Monday, 20 August 2007

Hello again.

So here I am again, you miss me? No I thought not.

I did though miss writing my blog and it came as a wee bit of a surprise I must admit. Although I think I am jumping the gun a bit here as what I should say right off is that I think of this blog as partly conversational and partly as a means to an end.

Lets take the conversational aspect first, well it seems only fair as it was first on the page as it were. As most folk I know will tell you I love talking. Sometimes in order to hear my own voice admittedly, but mostly to exchange ideas, news, views, and most importantly for entertainment. This then is the kind of conversation that this blog will be, I hope that like most conversations it is a two way conversation and more folk will leave messages like Malcy did. "Cheers mate I will get the check in the post"

The other aspect of conversation that is important for myself and you to realise is that there will be pauses, and silences. I wanted to say that, as I have discovered over the last few days yet another way to beat myself up, and believe me for someone who has a physical disability combined with mental health problems, I was convinced that I had more than enough problems and faults to keep me bringing myself down. But no Lambo has to go and invent another one, this time it is guilt for not blogging.

Can you believe it, I have only been at it for less than a week and suddenly I am on a self enforced guilt trip for not sitting here every day hammering away at my keyboard, jeezo I should get out more! Hang on though this rather neatly takes me to explaining why I was "quiet" for a few days.

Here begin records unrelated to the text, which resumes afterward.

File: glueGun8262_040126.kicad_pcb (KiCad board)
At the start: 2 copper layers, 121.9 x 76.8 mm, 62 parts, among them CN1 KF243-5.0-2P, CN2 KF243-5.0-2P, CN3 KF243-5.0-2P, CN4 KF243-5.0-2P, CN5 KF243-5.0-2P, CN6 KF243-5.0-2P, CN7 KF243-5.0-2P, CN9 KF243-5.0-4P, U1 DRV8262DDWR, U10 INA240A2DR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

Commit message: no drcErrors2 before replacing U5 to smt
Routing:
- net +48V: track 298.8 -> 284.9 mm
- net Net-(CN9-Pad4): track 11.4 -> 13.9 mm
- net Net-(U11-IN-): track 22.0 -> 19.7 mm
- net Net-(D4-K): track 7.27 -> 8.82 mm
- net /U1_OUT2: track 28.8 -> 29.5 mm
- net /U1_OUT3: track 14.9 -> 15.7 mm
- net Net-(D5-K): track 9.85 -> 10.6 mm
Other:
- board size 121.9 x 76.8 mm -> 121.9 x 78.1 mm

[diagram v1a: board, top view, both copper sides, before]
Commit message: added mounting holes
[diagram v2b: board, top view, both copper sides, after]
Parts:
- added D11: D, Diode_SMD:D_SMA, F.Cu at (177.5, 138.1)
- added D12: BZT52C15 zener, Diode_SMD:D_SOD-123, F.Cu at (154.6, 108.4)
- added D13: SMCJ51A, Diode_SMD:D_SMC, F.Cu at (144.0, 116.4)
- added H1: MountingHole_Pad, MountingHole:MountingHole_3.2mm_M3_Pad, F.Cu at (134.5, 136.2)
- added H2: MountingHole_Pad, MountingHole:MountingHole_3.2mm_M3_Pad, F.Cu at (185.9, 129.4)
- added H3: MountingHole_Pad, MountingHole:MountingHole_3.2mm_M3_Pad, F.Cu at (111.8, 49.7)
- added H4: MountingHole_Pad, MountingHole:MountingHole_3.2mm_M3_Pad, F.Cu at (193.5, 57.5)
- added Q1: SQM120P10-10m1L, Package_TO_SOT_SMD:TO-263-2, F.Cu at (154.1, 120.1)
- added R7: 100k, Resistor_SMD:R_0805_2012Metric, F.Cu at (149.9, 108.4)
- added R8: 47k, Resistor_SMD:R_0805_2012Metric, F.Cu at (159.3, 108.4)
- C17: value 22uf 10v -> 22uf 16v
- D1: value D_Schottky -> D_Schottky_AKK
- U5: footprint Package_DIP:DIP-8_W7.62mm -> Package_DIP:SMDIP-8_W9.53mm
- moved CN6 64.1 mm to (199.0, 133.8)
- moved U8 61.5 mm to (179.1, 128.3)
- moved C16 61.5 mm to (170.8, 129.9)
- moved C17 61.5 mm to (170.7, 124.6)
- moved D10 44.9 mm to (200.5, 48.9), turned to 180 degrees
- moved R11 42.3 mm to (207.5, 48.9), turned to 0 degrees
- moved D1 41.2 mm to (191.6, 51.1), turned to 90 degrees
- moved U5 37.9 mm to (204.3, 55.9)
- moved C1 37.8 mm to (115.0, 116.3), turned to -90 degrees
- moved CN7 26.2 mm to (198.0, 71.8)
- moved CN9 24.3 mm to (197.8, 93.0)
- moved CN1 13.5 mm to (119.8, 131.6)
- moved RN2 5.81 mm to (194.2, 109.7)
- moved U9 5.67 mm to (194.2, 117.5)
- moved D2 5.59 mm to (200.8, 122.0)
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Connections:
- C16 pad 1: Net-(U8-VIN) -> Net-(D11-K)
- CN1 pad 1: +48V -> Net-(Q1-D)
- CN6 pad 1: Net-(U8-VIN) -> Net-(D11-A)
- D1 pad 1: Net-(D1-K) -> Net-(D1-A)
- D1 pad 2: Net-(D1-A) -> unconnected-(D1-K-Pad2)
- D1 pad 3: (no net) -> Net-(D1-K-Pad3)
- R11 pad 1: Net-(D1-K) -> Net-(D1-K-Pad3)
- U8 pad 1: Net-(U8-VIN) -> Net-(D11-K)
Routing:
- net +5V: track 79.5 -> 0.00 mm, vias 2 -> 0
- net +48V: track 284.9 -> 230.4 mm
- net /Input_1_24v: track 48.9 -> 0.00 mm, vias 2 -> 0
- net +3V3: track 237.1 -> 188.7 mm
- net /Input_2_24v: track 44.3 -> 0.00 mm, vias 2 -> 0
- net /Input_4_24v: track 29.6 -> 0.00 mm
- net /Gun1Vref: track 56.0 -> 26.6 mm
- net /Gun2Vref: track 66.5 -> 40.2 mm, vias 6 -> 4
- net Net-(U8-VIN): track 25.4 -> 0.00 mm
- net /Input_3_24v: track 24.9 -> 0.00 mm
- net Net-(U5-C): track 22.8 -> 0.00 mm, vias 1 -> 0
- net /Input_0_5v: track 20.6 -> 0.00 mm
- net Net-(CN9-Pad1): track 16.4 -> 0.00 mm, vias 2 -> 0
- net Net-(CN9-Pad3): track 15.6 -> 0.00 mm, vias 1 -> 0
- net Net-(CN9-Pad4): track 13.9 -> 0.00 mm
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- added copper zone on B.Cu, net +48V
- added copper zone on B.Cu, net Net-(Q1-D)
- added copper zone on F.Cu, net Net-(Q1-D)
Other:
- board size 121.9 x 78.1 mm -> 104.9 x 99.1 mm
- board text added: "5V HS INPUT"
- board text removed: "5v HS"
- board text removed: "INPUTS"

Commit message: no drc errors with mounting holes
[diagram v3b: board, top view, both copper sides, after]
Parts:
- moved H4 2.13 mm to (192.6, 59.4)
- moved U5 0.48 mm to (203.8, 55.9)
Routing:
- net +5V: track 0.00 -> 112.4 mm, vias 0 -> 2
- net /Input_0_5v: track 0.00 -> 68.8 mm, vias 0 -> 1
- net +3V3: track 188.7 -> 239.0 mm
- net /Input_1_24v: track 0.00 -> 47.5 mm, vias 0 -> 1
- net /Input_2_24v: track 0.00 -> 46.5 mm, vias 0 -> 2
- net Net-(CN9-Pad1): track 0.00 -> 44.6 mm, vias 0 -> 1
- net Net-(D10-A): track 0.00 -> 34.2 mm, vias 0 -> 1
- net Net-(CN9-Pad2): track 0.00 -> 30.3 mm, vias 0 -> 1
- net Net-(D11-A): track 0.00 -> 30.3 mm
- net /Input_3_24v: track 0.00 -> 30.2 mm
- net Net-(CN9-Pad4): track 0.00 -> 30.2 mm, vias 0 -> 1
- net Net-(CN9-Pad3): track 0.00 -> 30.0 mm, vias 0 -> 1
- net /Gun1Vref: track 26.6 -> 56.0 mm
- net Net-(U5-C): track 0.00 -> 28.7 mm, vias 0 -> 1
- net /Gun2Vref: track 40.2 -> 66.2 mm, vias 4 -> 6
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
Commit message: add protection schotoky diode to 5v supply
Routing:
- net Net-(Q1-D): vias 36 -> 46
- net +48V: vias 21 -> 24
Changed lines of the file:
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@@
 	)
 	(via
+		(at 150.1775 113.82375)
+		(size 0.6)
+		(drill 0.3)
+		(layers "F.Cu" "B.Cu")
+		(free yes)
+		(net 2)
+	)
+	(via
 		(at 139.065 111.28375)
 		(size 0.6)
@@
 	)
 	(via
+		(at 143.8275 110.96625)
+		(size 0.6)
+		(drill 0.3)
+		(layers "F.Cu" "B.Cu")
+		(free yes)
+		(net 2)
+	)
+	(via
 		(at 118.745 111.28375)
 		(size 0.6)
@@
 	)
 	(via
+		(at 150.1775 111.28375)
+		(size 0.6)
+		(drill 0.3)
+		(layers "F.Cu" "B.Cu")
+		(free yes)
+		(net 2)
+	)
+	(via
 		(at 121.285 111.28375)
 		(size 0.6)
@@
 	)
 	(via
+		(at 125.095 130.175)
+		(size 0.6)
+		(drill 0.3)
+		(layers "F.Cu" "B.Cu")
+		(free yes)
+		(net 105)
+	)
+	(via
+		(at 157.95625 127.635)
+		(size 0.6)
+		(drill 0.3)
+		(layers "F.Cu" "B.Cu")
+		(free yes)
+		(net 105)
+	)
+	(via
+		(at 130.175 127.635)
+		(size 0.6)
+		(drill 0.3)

If we think of cause and effect we could summon up the simple process of pain. We know an awful lot about the causes of pain for example leaving your fingers in the way of a door, or spilling hot liquid on to yourself, or hitting your head off a wall, as most Scotland football and Rugby supporters end up doing. The cause then would be the meeting of two objects like door and hand, or head and wall that do not belong together. The effect is pain!

Now this simple lesson is roughly what caused a wee break for me, I was busy, I overdid things and then I got pain. The pain brought me down emotionally, I was unable to feel good about myself so I did not have the physical and mental energy to blog. How then this translates in to giving myself another reason to reduce my already low self esteem and feelings of worth, is a miracle only explainable by slicing open my brain and having a good poke around inside. As someone who avoids autopsies on the basis that you need to be dead for it not to hurt, yet another cause and effect equation combined with logic skills there. I am for the moment saying to myself and you the great blog public that sitting here looking at this blog every day is not necessary. Coming back is the important part but that can be once or twice a week, that is the kind of commitment I am ready to make and (hopefully) keep.
I wanted to be a blog writer every day but I realise now that just like other things it is the quality not the quantity, and that the discipline of writing needs to be balanced with real world events.

After those stirring words I find I have run out of space and time to talk about the "means to an end" aspect, I will get round to it but now I have given myself permission I may put it off for a few days.